Gate of the original Schouwburg, Keizersgracht, Amsterdam

The Dylan op de Keizersgracht 384

Op de Keizers­gracht 384 vind je Hotel The Dylan en Restau­rant Vinkeles. De toegangs­poort is uit 1638 en hoorde bij de eerste Amsterdamse Schouw­burg, gebouwd in 1617 en ontworpen door Jacob van Campen. De poort en het nog bestaande gebouw zijn een Rijks­monument. Jacob van Campen ontwierp later ook het Amsterdamse stadhuis (nu Konink­lijk Paleis) op de Dam, gebouwd tussen 1648 en 1665.

Toegangspoort uit 1638 van de eerste Amsterdamse Schouwburg, Amsterdam

Toegangs­poort uit 1638 van de Amsterdamse Schouw­burg uit 1617, ontworpen door architect Jacob van Campen.
Nu is dit Hotel The Dylan en Restaurant Vinkeles (mei 2021).

Op de cartouche boven de poort het woord Schouburg. De regel eronder is van dichter en toneel­schrijver Joost van den Vondel (1587-1679).

De weereld is een speeltooneel
elck speelt zyn rol en kryght zyn deel

De tekst lijkt verdacht veel op de beroemde regels uit Shakespeare’s toneel­stuk As You Like It uit 1599:

All the world’s a stage,
and all the men and women merely players;
They have their exits and their entrances,
and one man in his time plays many parts

De oude Stadsschouwburg op de Keizersgracht, Amsterdam, detail van een kaart uit 1737 van Gerrit de Broen

Onder de lens de oude Stads­schouw­burg, kaart uit 1737 van Gerrit de Broen (Allard Pierson Museum – Speciale Collecties UvA).

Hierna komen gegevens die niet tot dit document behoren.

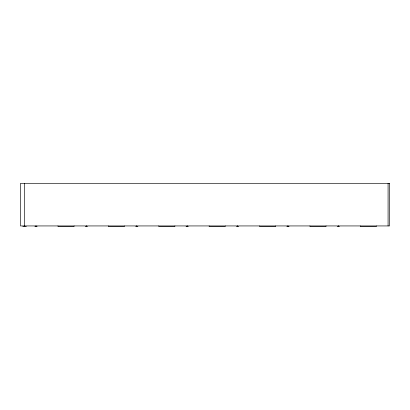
<?xml version="1.0" encoding="UTF-8"?>
<svg xmlns="http://www.w3.org/2000/svg" width="410" height="410" viewBox="0 0 410 410"><rect width="100%" height="100%" fill="white"/><g stroke="black" fill="none" stroke-linecap="round" stroke-linejoin="round"><path stroke-width="0.61" d="M34.876 226.361L37.136 226.361M85.265 226.361L87.525 226.361M135.654 226.361L137.914 226.361M186.043 226.361L188.303 226.361M236.432 226.361L238.692 226.361M286.821 226.361L289.081 226.361M337.21 226.361L339.47 226.361M22.786 226.643L26.342 226.643M388.08 183.357L388.08 225.936M376.452 225.936L376.452 226.361L360.303 226.361L360.303 225.936M338.409 225.936L338.414 226.361M338.255 225.936L338.25 226.361M326.063 225.936L326.063 226.361L309.914 226.361L309.914 225.936M288.02 225.936L288.03 226.361M287.861 225.936L287.866 226.361M275.674 225.936L275.674 226.361L259.525 226.361L259.525 225.936M237.636 225.936L237.636 226.361M237.472 225.936L237.477 226.361M225.285 225.936L225.285 226.361L209.136 226.361L209.136 225.936M187.247 225.936L187.247 226.361M187.078 225.936L187.083 226.361M174.896 225.936L174.896 226.361L158.747 226.361L158.747 225.936M136.858 225.936L136.863 226.361M136.699 225.936L136.694 226.361M124.507 225.936L124.507 226.361L108.358 226.361L108.358 225.936M86.474 225.936L86.464 226.361M86.305 225.936L86.31 226.361M74.118 225.936L74.118 226.361L57.969 226.361L57.969 225.936M36.08 225.936L36.08 226.361M35.916 225.936L35.926 226.361M24.538 183.357L24.538 225.936M389.5 183.357L20.5 183.357L20.5 225.936L389.5 225.936L389.5 183.357"/></g></svg>
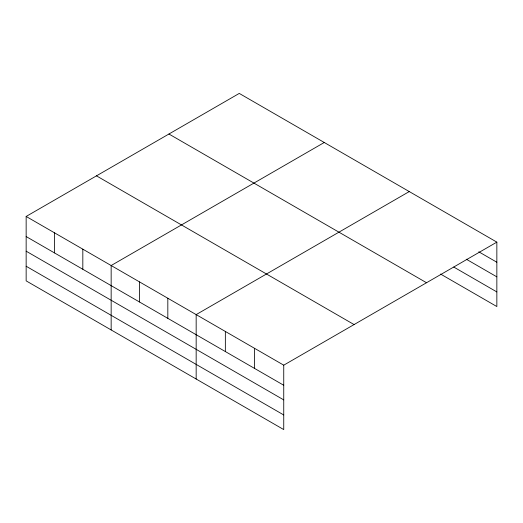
<?xml version="1.0" encoding="UTF-8"?>
<svg xmlns="http://www.w3.org/2000/svg" width="523" height="523" viewBox="0 0 523 523"><rect width="100%" height="100%" fill="white"/><g stroke="black" fill="none" stroke-linecap="round" stroke-linejoin="round"><path stroke-width="0.78" d="M26.15 216.45L283.741 365.172L283.741 429.586L26.15 280.864L26.15 216.45L239.259 93.414L496.85 242.136L496.85 306.55L440.549 274.045M324.26 142.491L111.157 265.527L111.157 329.941M409.267 191.568L196.164 314.604L196.164 379.018M283.741 365.172L496.85 242.136M478.78 251.798L496.85 262.232M466.268 259.199L496.85 276.857M453.755 267.044L496.85 291.926M168.929 134.019L426.526 282.74M96.474 175.852L354.071 324.567M26.15 236.553L283.741 385.268M26.15 251.177L283.741 399.892M26.15 266.24L283.741 414.961M254.551 348.318L254.551 368.414M225.354 331.464L225.354 351.561M167.824 298.247L167.824 318.344M139.491 281.89L139.491 301.987M82.824 249.17L82.824 269.267M54.484 232.813L54.484 252.91"/></g></svg>
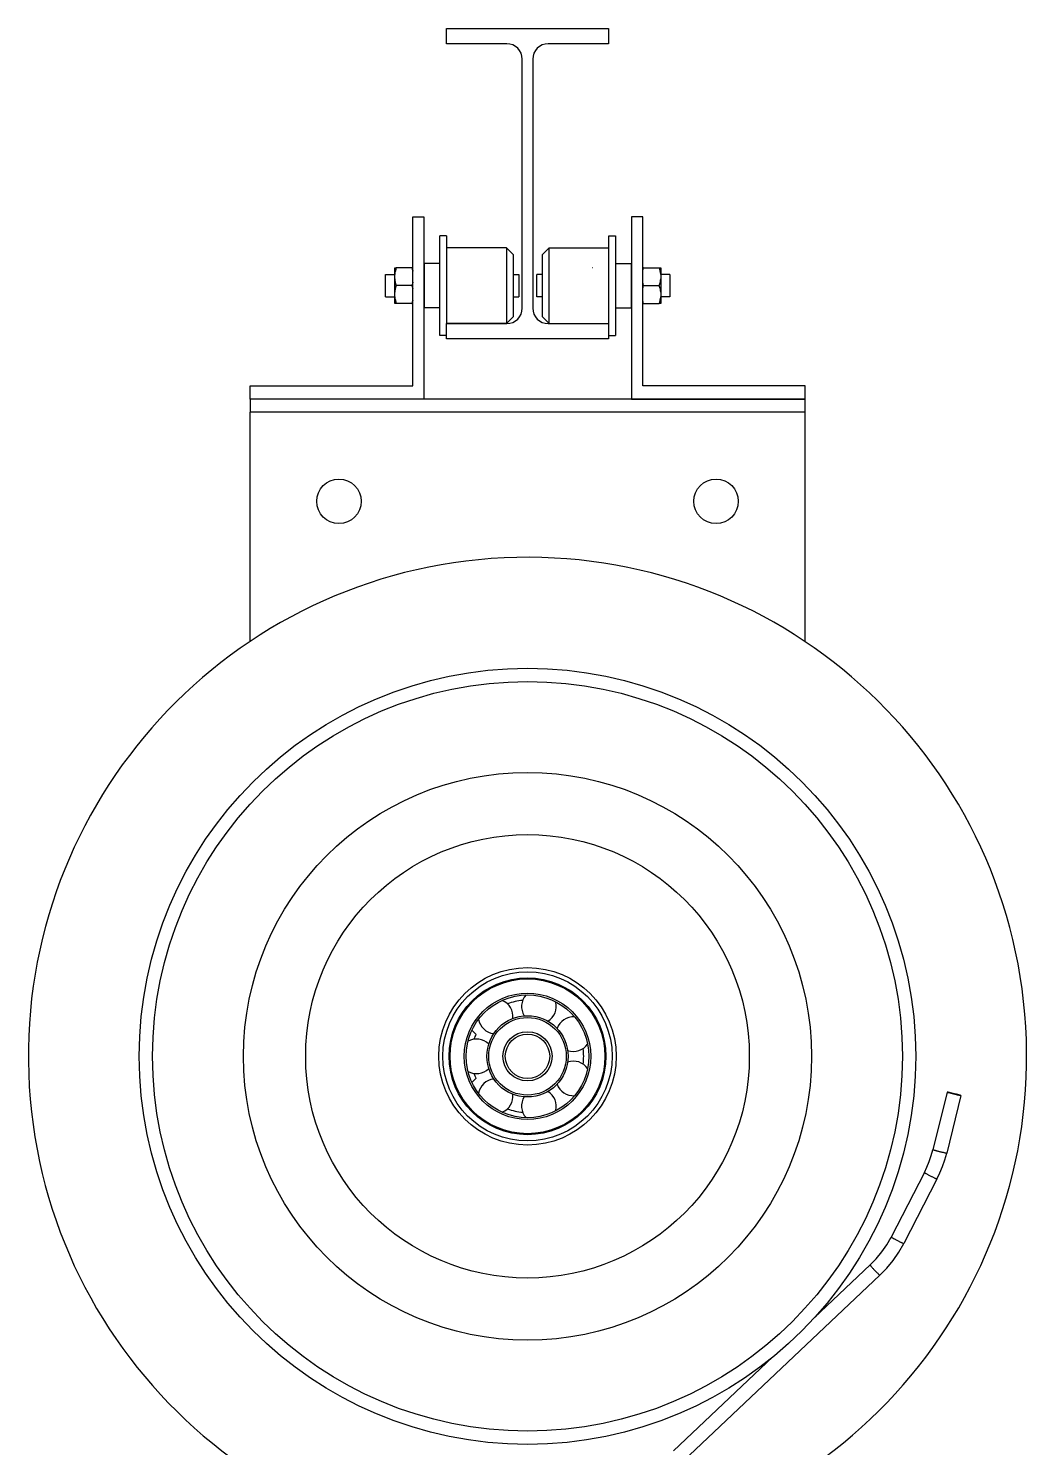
# Model space of a CAD drawing. Extents: x -8712 to 1826, y -2785 to 399.
# Drawn here: x -4995 to -4545, y -401 to 239 of the extents above; entities that cross this region are included whole.
import ezdxf

# ---------------------------------------------------------------- set-up
doc = ezdxf.new("R2010")
doc.units = 0
doc.layers.get('0').update_dxf_attribs({"linetype": 'CONTINUOUS'})

msp = doc.modelspace()

# ---------------------------------------------------------------- linework, layer by layer
at = {"color": 1}
for p, q in [((-4806.279032, 239.083964), (-4733.279032, 239.083964)), ((-4806.279032, 232.183964), (-4806.279032, 239.083964)), ((-4733.279032, 239.083964), (-4733.279032, 232.183964)), ((-4779.129032, 232.183964), (-4806.279032, 232.183964)), ((-4733.279032, 232.183964), (-4760.429032, 232.183964)), ((-4772.129032, 112.983964), (-4772.129032, 225.183964)), ((-4767.429032, 225.183964), (-4767.429032, 112.983964)), ((-4821.474561, 154.084363), (-4816.474561, 154.084363)), ((-4821.474561, 77.96319), (-4821.474561, 154.084363)), ((-4816.474561, 154.084363), (-4816.474561, 71.96319)), ((-4722.837036, 154.084363), (-4722.837036, 71.96319)), ((-4717.837036, 154.084363), (-4722.837036, 154.084363)), ((-4717.837036, 77.96319), (-4717.837036, 154.084363)), ((-4809.228093, 100.584363), (-4809.228093, 145.584363)), ((-4806.228093, 145.584363), (-4809.228093, 145.584363)), ((-4806.228093, 145.584363), (-4806.228093, 105.983964)), ((-4733.083504, 100.584363), (-4733.083504, 145.584363)), ((-4733.083504, 145.584363), (-4730.083504, 145.584363)), ((-4730.083504, 145.584363), (-4730.083504, 100.584363)), ((-4779.228093, 140.084363), (-4806.228093, 140.084363)), ((-4779.228093, 140.084363), (-4779.228093, 106.084363)), ((-4779.228093, 140.084363), (-4776.228093, 137.084363)), ((-4776.228093, 137.084363), (-4776.228093, 109.084363)), ((-4760.083504, 140.084363), (-4763.083504, 137.084363)), ((-4763.083504, 109.084363), (-4763.083504, 137.084363)), ((-4760.083504, 106.084363), (-4760.083504, 140.084363)), ((-4760.083504, 140.084363), (-4733.083504, 140.084363)), ((-4833.718569, 118.084363), (-4833.718569, 128.084363)), ((-4833.718569, 128.084363), (-4829.628093, 128.084363)), ((-4829.611753, 128.228229), (-4829.628095, 128.066593)), ((-4829.628093, 131.084363), (-4828.959744, 131.084104)), ((-4829.628093, 128.066605), (-4829.628093, 131.084363)), ((-4829.628093, 126.102137), (-4829.628093, 128.06659)), ((-4829.511347, 128.940774), (-4829.611753, 128.228229)), ((-4829.358037, 129.691874), (-4829.511347, 128.940774)), ((-4829.142913, 130.501374), (-4829.358037, 129.691874)), ((-4828.959744, 131.084104), (-4829.142913, 130.501374)), ((-4821.896443, 131.084363), (-4828.959744, 131.084363)), ((-4821.474561, 131.084347), (-4821.896443, 131.084104)), ((-4821.896443, 131.084104), (-4821.713273, 130.501374)), ((-4821.713273, 130.501374), (-4821.49815, 129.691874)), ((-4821.49815, 129.691874), (-4821.474561, 129.576306)), ((-4816.474561, 128.084363), (-4816.228093, 128.084363)), ((-4816.228093, 113.084363), (-4816.228093, 133.084363)), ((-4809.228093, 133.084363), (-4816.228093, 133.084363)), ((-4776.228093, 128.084363), (-4773.718569, 128.084363)), ((-4773.718569, 128.084363), (-4773.718569, 118.084363)), ((-4765.593028, 118.084363), (-4765.593028, 128.084363)), ((-4763.083504, 128.084363), (-4765.593028, 128.084363)), ((-4740.343055, 131.159812), (-4740.404759, 131.098108)), ((-4740.343055, 131.159812), (-4740.348275, 131.154592)), ((-4740.343055, 131.159812), (-4740.348275, 131.154592)), ((-4740.343055, 131.159812), (-4740.348275, 131.154592)), ((-4730.083504, 133.084363), (-4723.083504, 133.084363)), ((-4723.083504, 133.084363), (-4723.083504, 113.084363)), ((-4722.837036, 128.084363), (-4723.083504, 128.084363)), ((-4717.415154, 131.084104), (-4717.837036, 131.084347)), ((-4717.837036, 129.576306), (-4717.813447, 129.691874)), ((-4717.813447, 129.691874), (-4717.598324, 130.501374)), ((-4717.598324, 130.501374), (-4717.415154, 131.084104)), ((-4717.415154, 131.084363), (-4710.351854, 131.084363)), ((-4710.351854, 131.084104), (-4709.683504, 131.084363)), ((-4710.168684, 130.501374), (-4710.351854, 131.084104)), ((-4709.953561, 129.691874), (-4710.168684, 130.501374)), ((-4709.80025, 128.940772), (-4709.953561, 129.691874)), ((-4709.699845, 128.228233), (-4709.80025, 128.940772)), ((-4709.683502, 128.066593), (-4709.699845, 128.228233)), ((-4709.683504, 131.084363), (-4709.683504, 128.066605)), ((-4705.593028, 128.084363), (-4709.683504, 128.084363)), ((-4709.683504, 128.06659), (-4709.683504, 126.102137)), ((-4705.593028, 128.084363), (-4705.593028, 118.084363)), ((-4829.628095, 126.102132), (-4829.550366, 125.46894)), ((-4829.628093, 120.066605), (-4829.628093, 126.102121)), ((-4829.550366, 125.46894), (-4829.41552, 124.732519)), ((-4829.41552, 124.732519), (-4829.22211, 123.945208)), ((-4829.222109, 122.22352), (-4829.41552, 121.436207)), ((-4829.22211, 123.945208), (-4828.959744, 123.084901)), ((-4828.959744, 123.083825), (-4829.222109, 122.22352)), ((-4828.959744, 123.084901), (-4828.959744, 123.083825)), ((-4821.896443, 123.084363), (-4828.959744, 123.084363)), ((-4821.634077, 123.945208), (-4821.896443, 123.084901)), ((-4821.896443, 123.084901), (-4821.896443, 123.083825)), ((-4821.896443, 123.083825), (-4821.634077, 122.22352)), ((-4821.474561, 124.594548), (-4821.634077, 123.945208)), ((-4821.634077, 122.22352), (-4821.474561, 121.574178)), ((-4717.67752, 123.945206), (-4717.837036, 124.594548)), ((-4717.837036, 121.574178), (-4717.67752, 122.223519)), ((-4717.415154, 123.084901), (-4717.67752, 123.945206)), ((-4717.67752, 122.223519), (-4717.415154, 123.083825)), ((-4717.415154, 123.083825), (-4717.415154, 123.084901)), ((-4717.415154, 123.084363), (-4710.351854, 123.084363)), ((-4710.351854, 123.084901), (-4710.089488, 123.945206)), ((-4710.351854, 123.083825), (-4710.351854, 123.084901)), ((-4710.089488, 122.223519), (-4710.351854, 123.083825)), ((-4710.089488, 123.945206), (-4709.896078, 124.732519)), ((-4709.896078, 121.436207), (-4710.089488, 122.223519)), ((-4709.896078, 124.732519), (-4709.761231, 125.46894)), ((-4709.761231, 125.46894), (-4709.683502, 126.102132)), ((-4709.683504, 126.102121), (-4709.683504, 120.066605)), ((-4833.718569, 118.084363), (-4829.628095, 118.084363)), ((-4829.550366, 120.699786), (-4829.628095, 120.066594)), ((-4829.628095, 118.102133), (-4829.611752, 117.940493)), ((-4829.628093, 118.102137), (-4829.628093, 120.06659)), ((-4829.628093, 115.084363), (-4829.628093, 118.102121)), ((-4829.611752, 117.940493), (-4829.511347, 117.227954)), ((-4829.41552, 121.436207), (-4829.550366, 120.699786)), ((-4829.511347, 117.227954), (-4829.358037, 116.476853)), ((-4829.358037, 116.476853), (-4829.142913, 115.667352)), ((-4829.142913, 115.667352), (-4828.959744, 115.084622)), ((-4821.713273, 115.667352), (-4821.896443, 115.084622)), ((-4821.49815, 116.476853), (-4821.713273, 115.667352)), ((-4821.474561, 116.592421), (-4821.49815, 116.476853)), ((-4816.474561, 118.084363), (-4816.228093, 118.084363)), ((-4776.228093, 118.084363), (-4773.718569, 118.084363)), ((-4763.083504, 118.084363), (-4765.593028, 118.084363)), ((-4722.837036, 118.084363), (-4723.083504, 118.084363)), ((-4717.813447, 116.476853), (-4717.837036, 116.592421)), ((-4717.598324, 115.667352), (-4717.813447, 116.476853)), ((-4717.415154, 115.084622), (-4717.598324, 115.667352)), ((-4710.351854, 115.084622), (-4710.168684, 115.667352)), ((-4710.168684, 115.667352), (-4709.953561, 116.476853)), ((-4709.953561, 116.476853), (-4709.80025, 117.227953)), ((-4709.761231, 120.699786), (-4709.896078, 121.436207)), ((-4709.80025, 117.227953), (-4709.699844, 117.940497)), ((-4709.683502, 120.066594), (-4709.761231, 120.699786)), ((-4709.699844, 117.940497), (-4709.683502, 118.102133)), ((-4709.683504, 120.06659), (-4709.683504, 118.102137)), ((-4709.683504, 118.102121), (-4709.683504, 115.084363)), ((-4705.593028, 118.084363), (-4709.683504, 118.084363)), ((-4828.959744, 115.084622), (-4829.628093, 115.084363)), ((-4821.896443, 115.084363), (-4828.959744, 115.084363)), ((-4821.896443, 115.084363), (-4828.959744, 115.084363)), ((-4821.896443, 115.084363), (-4828.959744, 115.084363)), ((-4821.896443, 115.084363), (-4828.959744, 115.084363)), ((-4821.896443, 115.084622), (-4821.474561, 115.084379)), ((-4809.228093, 113.084363), (-4816.228093, 113.084363)), ((-4779.228093, 106.084363), (-4776.228093, 109.084363)), ((-4760.083504, 106.084363), (-4763.083504, 109.084363)), ((-4730.083504, 113.084363), (-4723.083504, 113.084363)), ((-4717.837036, 115.084379), (-4717.415154, 115.084622)), ((-4717.415154, 115.084363), (-4710.351854, 115.084363)), ((-4717.415154, 115.084363), (-4710.351854, 115.084363)), ((-4717.415154, 115.084363), (-4710.351854, 115.084363)), ((-4717.415154, 115.084363), (-4710.351854, 115.084363)), ((-4709.683504, 115.084363), (-4710.351854, 115.084622)), ((-4806.279032, 105.983964), (-4779.129032, 105.983964)), ((-4806.279032, 99.083964), (-4806.279032, 105.983964)), ((-4779.228093, 106.084363), (-4806.228093, 106.084363)), ((-4760.429032, 105.983964), (-4733.279032, 105.983964)), ((-4760.083504, 106.084363), (-4733.083504, 106.084363)), ((-4733.279032, 105.983964), (-4733.279032, 99.083964)), ((-4806.279032, 100.584363), (-4809.228093, 100.584363)), ((-4733.279032, 99.083964), (-4806.279032, 99.083964)), ((-4733.083504, 100.584363), (-4730.083504, 100.584363)), ((-4894.779032, 77.96319), (-4821.474561, 77.96319)), ((-4894.779032, 71.96319), (-4894.779032, 77.96319)), ((-4644.532565, 77.96319), (-4717.837036, 77.96319)), ((-4644.532565, 71.96319), (-4644.532565, 77.96319)), ((-4816.474561, 71.96319), (-4894.779032, 71.96319)), ((-4894.779032, 71.96319), (-4894.779032, 65.96319)), ((-4644.779032, 71.96319), (-4894.779032, 71.96319)), ((-4722.837036, 71.96319), (-4644.532565, 71.96319)), ((-4644.779032, 71.96319), (-4644.779032, 65.96319)), ((-4894.779032, 65.96319), (-4894.902266, 65.96319)), ((-4894.902266, 65.96319), (-4894.902266, -37.49442)), ((-4644.779032, 65.96319), (-4894.779032, 65.96319)), ((-4644.655799, 65.96319), (-4644.779032, 65.96319)), ((-4644.655799, -37.49442), (-4644.655799, 65.96319)), ((-4793.047231, -214.43055), (-4794.802264, -212.675517)), ((-4794.802264, -236.185584), (-4793.047231, -234.43055)), ((-4580.634927, -240.55967), (-4587.023949, -266.545619)), ((-4574.42096, -242.085982), (-4580.809982, -268.071931)), ((-4580.625343, -240.558458), (-4580.634927, -240.55967)), ((-4580.634927, -240.55967), (-4580.614589, -240.568232)), ((-4580.585929, -240.564607), (-4580.625343, -240.558458)), ((-4580.614589, -240.568232), (-4580.564525, -240.584061)), ((-4580.517065, -240.578058), (-4580.585929, -240.564607)), ((-4580.564525, -240.584061), (-4580.485218, -240.607004)), ((-4580.419414, -240.598682), (-4580.517065, -240.578058)), ((-4580.485218, -240.607004), (-4580.37743, -240.636842)), ((-4580.293917, -240.62628), (-4580.419414, -240.598682)), ((-4580.37743, -240.636842), (-4580.2422, -240.673285)), ((-4580.141781, -240.660585), (-4580.293917, -240.62628)), ((-4580.2422, -240.673285), (-4580.08083, -240.715985)), ((-4579.964474, -240.701269), (-4580.141781, -240.660585)), ((-4580.08083, -240.715985), (-4579.894875, -240.764528)), ((-4579.763701, -240.747938), (-4579.964474, -240.701269)), ((-4579.894875, -240.764528), (-4579.686124, -240.818448)), ((-4579.541396, -240.800144), (-4579.763701, -240.747938)), ((-4579.686124, -240.818448), (-4579.45659, -240.877226)), ((-4579.299701, -240.857384), (-4579.541396, -240.800144)), ((-4579.45659, -240.877226), (-4579.208481, -240.940295)), ((-4579.040943, -240.919106), (-4579.299701, -240.857384)), ((-4579.208481, -240.940295), (-4578.944188, -241.007048)), ((-4578.767614, -240.984716), (-4579.040943, -240.919106)), ((-4578.944188, -241.007048), (-4578.666255, -241.076842)), ((-4578.482346, -241.053582), (-4578.767614, -240.984716)), ((-4578.666255, -241.076842), (-4578.37736, -241.149005)), ((-4578.187887, -241.125042), (-4578.482346, -241.053582)), ((-4578.37736, -241.149005), (-4578.080285, -241.222842)), ((-4577.887072, -241.198406), (-4578.187887, -241.125042)), ((-4578.080285, -241.222842), (-4577.77789, -241.297642)), ((-4577.582798, -241.272968), (-4577.887072, -241.198406)), ((-4577.77789, -241.297642), (-4577.473089, -241.372684)), ((-4577.277996, -241.348011), (-4577.582798, -241.272968)), ((-4577.473089, -241.372684), (-4577.168815, -241.447246)), ((-4576.975602, -241.42281), (-4577.277996, -241.348011)), ((-4577.168815, -241.447246), (-4576.868, -241.52061)), ((-4576.678526, -241.496647), (-4576.975602, -241.42281)), ((-4576.868, -241.52061), (-4576.573541, -241.59207)), ((-4576.389632, -241.56881), (-4576.678526, -241.496647)), ((-4576.573541, -241.59207), (-4576.288273, -241.660936)), ((-4576.111699, -241.638605), (-4576.389632, -241.56881)), ((-4576.288273, -241.660936), (-4576.014944, -241.726546)), ((-4575.847406, -241.705357), (-4576.111699, -241.638605)), ((-4576.014944, -241.726546), (-4575.756186, -241.788268)), ((-4575.599297, -241.768426), (-4575.847406, -241.705357)), ((-4575.756186, -241.788268), (-4575.514491, -241.845508)), ((-4575.369763, -241.827204), (-4575.599297, -241.768426)), ((-4575.514491, -241.845508), (-4575.292186, -241.897714)), ((-4575.161012, -241.881124), (-4575.369763, -241.827204)), ((-4575.292186, -241.897714), (-4575.091413, -241.944383)), ((-4574.975057, -241.929667), (-4575.161012, -241.881124)), ((-4575.091413, -241.944383), (-4574.914105, -241.985067)), ((-4574.813687, -241.972367), (-4574.975057, -241.929667)), ((-4574.914105, -241.985067), (-4574.76197, -242.019372)), ((-4574.678457, -242.00881), (-4574.813687, -241.972367)), ((-4574.76197, -242.019372), (-4574.636473, -242.04697)), ((-4574.570669, -242.038648), (-4574.678457, -242.00881)), ((-4574.636473, -242.04697), (-4574.538822, -242.067594)), ((-4574.491361, -242.061591), (-4574.570669, -242.038648)), ((-4574.538822, -242.067594), (-4574.469958, -242.081045)), ((-4574.441298, -242.07742), (-4574.491361, -242.061591)), ((-4574.469958, -242.081045), (-4574.430544, -242.087194)), ((-4574.42096, -242.085982), (-4574.441298, -242.07742)), ((-4574.430544, -242.087194), (-4574.42096, -242.085982)), ((-4587.759044, -269.197633), (-4587.023949, -266.545619)), ((-4587.023949, -266.545619), (-4587.003611, -266.554181)), ((-4587.003611, -266.554181), (-4586.953548, -266.57001)), ((-4586.953548, -266.57001), (-4586.87424, -266.592953)), ((-4586.87424, -266.592953), (-4586.766452, -266.62279)), ((-4586.766452, -266.62279), (-4586.631222, -266.659234)), ((-4586.631222, -266.659234), (-4586.469852, -266.701933)), ((-4586.469852, -266.701933), (-4586.283897, -266.750477)), ((-4586.283897, -266.750477), (-4586.075146, -266.804397)), ((-4586.075146, -266.804397), (-4585.845612, -266.863175)), ((-4585.845612, -266.863175), (-4585.597503, -266.926243)), ((-4585.597503, -266.926243), (-4585.33321, -266.992996)), ((-4585.33321, -266.992996), (-4585.055277, -267.06279)), ((-4585.055277, -267.06279), (-4584.766383, -267.134953)), ((-4584.766383, -267.134953), (-4584.469307, -267.20879)), ((-4584.469307, -267.20879), (-4584.166913, -267.28359)), ((-4584.166913, -267.28359), (-4583.862111, -267.358633)), ((-4583.862111, -267.358633), (-4583.557837, -267.433195)), ((-4583.557837, -267.433195), (-4583.257022, -267.506559)), ((-4583.257022, -267.506559), (-4582.962563, -267.578018)), ((-4582.962563, -267.578018), (-4582.677295, -267.646885)), ((-4582.677295, -267.646885), (-4582.403966, -267.712495)), ((-4582.403966, -267.712495), (-4582.145208, -267.774217)), ((-4582.145208, -267.774217), (-4581.903513, -267.831457)), ((-4581.903513, -267.831457), (-4581.681208, -267.883663)), ((-4581.681208, -267.883663), (-4581.480435, -267.930332)), ((-4581.645086, -271.084748), (-4580.809982, -268.071931)), ((-4581.480435, -267.930332), (-4581.303128, -267.971015)), ((-4581.303128, -267.971015), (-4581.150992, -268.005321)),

De oude Amsterdamse Stadsschouwburg

In 1617 werden de drie kavels voor de Schouw­burg gereser­veerd en begon de bouw van de eerste (houten) schouwburg in de stad. In 1638 werd dat houten gebouw vervangen door een bak­stenen exemplaar met een nieuwe poort. Het gebouw werd in 1664 uitge­breid en nog een keer in 1765, waardoor het twee keer zo groot werd. Na 1665 liep het theater bijna helemaal door tot aan de Prinsen­gracht.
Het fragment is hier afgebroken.